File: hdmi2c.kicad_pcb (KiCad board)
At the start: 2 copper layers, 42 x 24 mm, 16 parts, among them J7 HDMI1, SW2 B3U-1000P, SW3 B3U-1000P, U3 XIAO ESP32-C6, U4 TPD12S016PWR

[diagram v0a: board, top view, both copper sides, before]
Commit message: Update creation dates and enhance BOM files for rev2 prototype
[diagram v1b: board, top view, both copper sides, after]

*WHAT TO PRODUCE*
Could you retype all of the entries, leaving every character unchanged?

*RESPONSE TO THIS TASK*
File: hdmi2c.kicad_pcb (KiCad board)
At the start: 2 copper layers, 42 x 24 mm, 16 parts, among them J7 HDMI1, SW2 B3U-1000P, SW3 B3U-1000P, U3 XIAO ESP32-C6, U4 TPD12S016PWR

[diagram v0a: board, top view, both copper sides, before]
Commit message: Update creation dates and enhance BOM files for rev2 prototype
[diagram v1b: board, top view, both copper sides, after]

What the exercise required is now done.